Record set Block Start
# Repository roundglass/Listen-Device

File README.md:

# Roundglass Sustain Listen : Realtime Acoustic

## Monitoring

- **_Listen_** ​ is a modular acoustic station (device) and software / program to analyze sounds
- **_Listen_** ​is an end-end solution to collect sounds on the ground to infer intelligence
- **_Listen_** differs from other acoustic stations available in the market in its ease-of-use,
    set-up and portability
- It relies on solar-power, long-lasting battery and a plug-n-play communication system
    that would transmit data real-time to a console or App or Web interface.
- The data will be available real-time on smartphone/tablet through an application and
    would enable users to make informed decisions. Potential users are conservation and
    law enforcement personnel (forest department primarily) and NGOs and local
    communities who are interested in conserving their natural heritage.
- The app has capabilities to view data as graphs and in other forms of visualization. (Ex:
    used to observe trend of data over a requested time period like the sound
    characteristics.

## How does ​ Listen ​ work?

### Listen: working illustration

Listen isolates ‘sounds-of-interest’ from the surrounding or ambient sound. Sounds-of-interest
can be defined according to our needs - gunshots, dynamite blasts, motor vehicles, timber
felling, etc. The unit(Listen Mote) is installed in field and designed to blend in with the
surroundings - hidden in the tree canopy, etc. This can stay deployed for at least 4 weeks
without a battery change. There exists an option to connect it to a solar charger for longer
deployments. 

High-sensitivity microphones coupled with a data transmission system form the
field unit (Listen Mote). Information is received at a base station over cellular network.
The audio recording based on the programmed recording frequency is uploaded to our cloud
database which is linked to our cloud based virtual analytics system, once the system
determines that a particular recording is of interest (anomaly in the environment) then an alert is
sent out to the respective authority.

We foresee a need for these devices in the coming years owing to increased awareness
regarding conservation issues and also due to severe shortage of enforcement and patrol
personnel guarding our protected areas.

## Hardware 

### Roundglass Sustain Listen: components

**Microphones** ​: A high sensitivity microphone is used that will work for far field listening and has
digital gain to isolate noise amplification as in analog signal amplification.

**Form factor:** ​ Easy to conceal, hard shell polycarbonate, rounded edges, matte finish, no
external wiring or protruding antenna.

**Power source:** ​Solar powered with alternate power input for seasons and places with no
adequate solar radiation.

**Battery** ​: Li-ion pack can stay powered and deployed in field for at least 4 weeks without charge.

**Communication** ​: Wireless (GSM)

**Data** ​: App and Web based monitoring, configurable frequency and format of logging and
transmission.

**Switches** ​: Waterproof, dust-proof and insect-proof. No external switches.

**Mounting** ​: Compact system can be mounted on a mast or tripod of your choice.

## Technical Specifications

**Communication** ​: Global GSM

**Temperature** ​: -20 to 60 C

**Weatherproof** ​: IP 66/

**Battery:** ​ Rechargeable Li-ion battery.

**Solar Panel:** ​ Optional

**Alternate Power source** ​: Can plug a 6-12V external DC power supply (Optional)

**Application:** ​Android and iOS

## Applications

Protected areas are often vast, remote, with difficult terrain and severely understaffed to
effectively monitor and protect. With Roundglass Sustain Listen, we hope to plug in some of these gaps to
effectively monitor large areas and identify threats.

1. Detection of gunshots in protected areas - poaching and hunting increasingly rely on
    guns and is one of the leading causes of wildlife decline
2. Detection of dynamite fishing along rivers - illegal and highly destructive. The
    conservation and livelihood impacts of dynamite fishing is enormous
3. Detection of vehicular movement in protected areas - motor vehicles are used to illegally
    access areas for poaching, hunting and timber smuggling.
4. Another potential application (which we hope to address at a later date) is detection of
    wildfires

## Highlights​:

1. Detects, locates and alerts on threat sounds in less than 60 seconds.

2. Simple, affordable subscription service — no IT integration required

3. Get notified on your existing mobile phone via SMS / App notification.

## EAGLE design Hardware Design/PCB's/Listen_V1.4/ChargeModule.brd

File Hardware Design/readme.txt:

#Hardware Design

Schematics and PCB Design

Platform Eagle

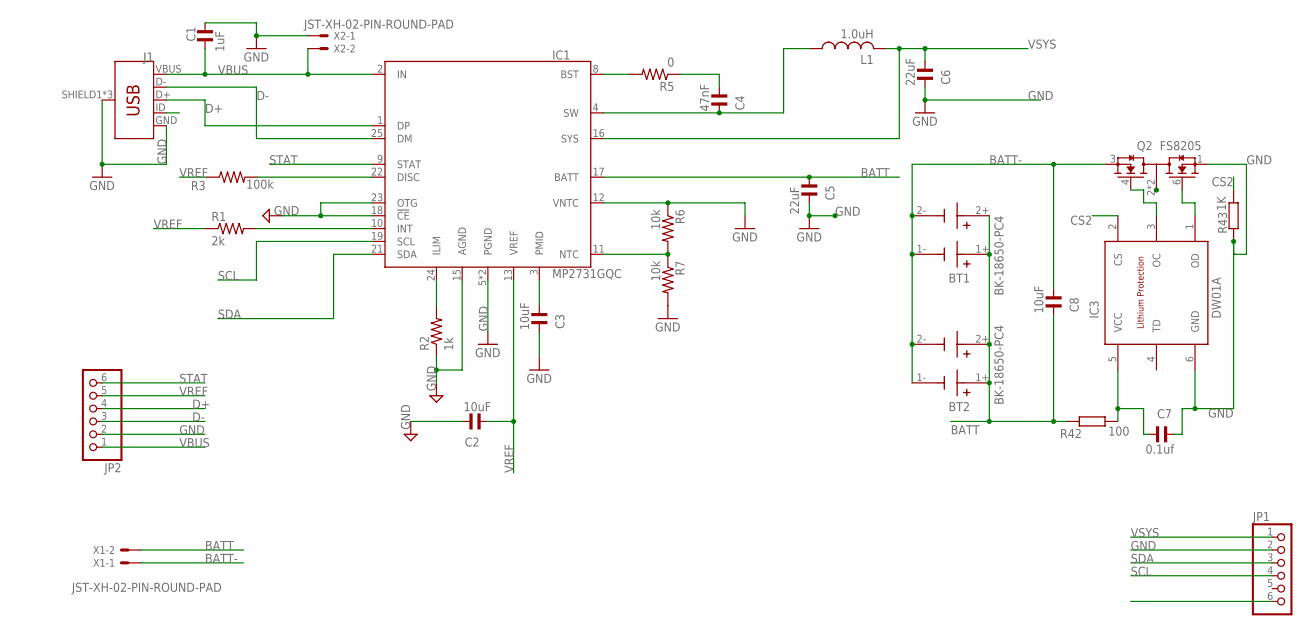
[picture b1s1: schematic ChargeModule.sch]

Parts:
BT1, BT2: BK-18650-PC4; BAT_BK-18650-PC4
C1: 1uF; RC-MASTER-SMD_C0805MP
C2, C3, C8: 10uF; RC-MASTER-SMD_C0805MP
C4: 47nF; RC-MASTER-SMD_C0805MP
C5, C6: 22uF; RC-MASTER-SMD_C0805MP
C7: 0.1uf; RC-MASTER-SMD_C0805MP
IC1: MP2731GQC; QFN-26-3.5
IC3: DW01A; SOT23-6
J1: USB_MICRO-B_FEMALE-SMT; USB-B-MICRO-SMD
JP1, JP2: PINHD-1X6JSTXH; JST-XH-06-PACKAGE-ROUND-PAD
L1: 1.0uH; POWER-CHOKE_WE-TPC
Q2: FS8205; SOT95P280X145-6N
R1: 2k; M0805
R2: 1k; M0805
R3: 100k; M0805
R5: 0; M0805
R6, R7: 10k; M0805
R42: 100; R0805
R43: 1K; R0805
X1, X2: JST-XH-02-PIN-ROUND-PAD; JST-XH-02-PACKAGE-ROUND-PAD

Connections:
BATT: BT1.1+, BT1.2+, BT2.1+, BT2.2+, C5.1, C8.2, IC1.17 (BATT), R42.2, X1.2
BATT-: BT1.1-, BT1.2-, BT2.1-, BT2.2-, C8.1, Q2.3 (S2), X1.1
CS2: IC3.2 (CS), R43.1
D+: IC1.1 (DP), J1.D+, JP2.4
D-: IC1.25 (DM), J1.D-, JP2.3
GND: C1.2, C2.2, C3.2, C5.2, C6.2, C7.2, IC1.5 (PGND), IC1.6 (PGND), IC1.12 (VNTC), IC1.15 (AGND), IC1.18 (!CE), IC1.23 (OTG), IC3.6 (GND), J1.GND, J1.SHIELD1 (SHIELD), J1.SHIELD2 (SHIELD), J1.SHIELD3 (SHIELD), JP1.2, JP2.2, Q2.1 (S1), R2.1, R6.1, R7.2, R43.2, X2.1
unnamed: IC1.24 (ILIM), R2.2
unnamed: IC1.10 (INT), R1.2
unnamed: IC1.22 (DISC), R3.2
unnamed: IC1.8 (BST), R5.2
unnamed: C3.1, IC1.3 (PMID)
unnamed: C4.1, R5.1
unnamed: C4.2, IC1.4 (SW), L1.1
unnamed: IC1.11 (NTC), R6.2, R7.1
unnamed: Q2.2 (D12), Q2.5 (D12)
unnamed: C7.1, IC3.5 (VCC), R42.1
unnamed: IC3.1 (OD), Q2.6 (G1)
unnamed: IC3.3 (OC), Q2.4 (G2)
SCL: IC1.19 (SCL), JP1.4
SDA: IC1.21 (SDA), JP1.3
STAT: IC1.9 (STAT), JP2.6
VBUS: C1.1, IC1.2 (IN), J1.VBUS, JP2.1, X2.2
VREF: C2.1, IC1.13 (VREF), JP2.5, R1.1, R3.1
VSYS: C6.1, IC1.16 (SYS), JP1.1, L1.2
Record set Block End
Everything in the material above from the line that has "personnel guarding our protected areas." through the line that has "effectively monitor large" must be duplicated exactly, with no other lines given.

## Finished exercise
personnel guarding our protected areas.

## Hardware 

### Roundglass Sustain Listen: components

**Microphones** ​: A high sensitivity microphone is used that will work for far field listening and has
digital gain to isolate noise amplification as in analog signal amplification.

**Form factor:** ​ Easy to conceal, hard shell polycarbonate, rounded edges, matte finish, no
external wiring or protruding antenna.

**Power source:** ​Solar powered with alternate power input for seasons and places with no
adequate solar radiation.

**Battery** ​: Li-ion pack can stay powered and deployed in field for at least 4 weeks without charge.

**Communication** ​: Wireless (GSM)

**Data** ​: App and Web based monitoring, configurable frequency and format of logging and
transmission.

**Switches** ​: Waterproof, dust-proof and insect-proof. No external switches.

**Mounting** ​: Compact system can be mounted on a mast or tripod of your choice.

## Technical Specifications

**Communication** ​: Global GSM

**Temperature** ​: -20 to 60 C

**Weatherproof** ​: IP 66/

**Battery:** ​ Rechargeable Li-ion battery.

**Solar Panel:** ​ Optional

**Alternate Power source** ​: Can plug a 6-12V external DC power supply (Optional)

**Application:** ​Android and iOS

## Applications

Protected areas are often vast, remote, with difficult terrain and severely understaffed to
effectively monitor and protect. With Roundglass Sustain Listen, we hope to plug in some of these gaps to
effectively monitor large areas and identify threats.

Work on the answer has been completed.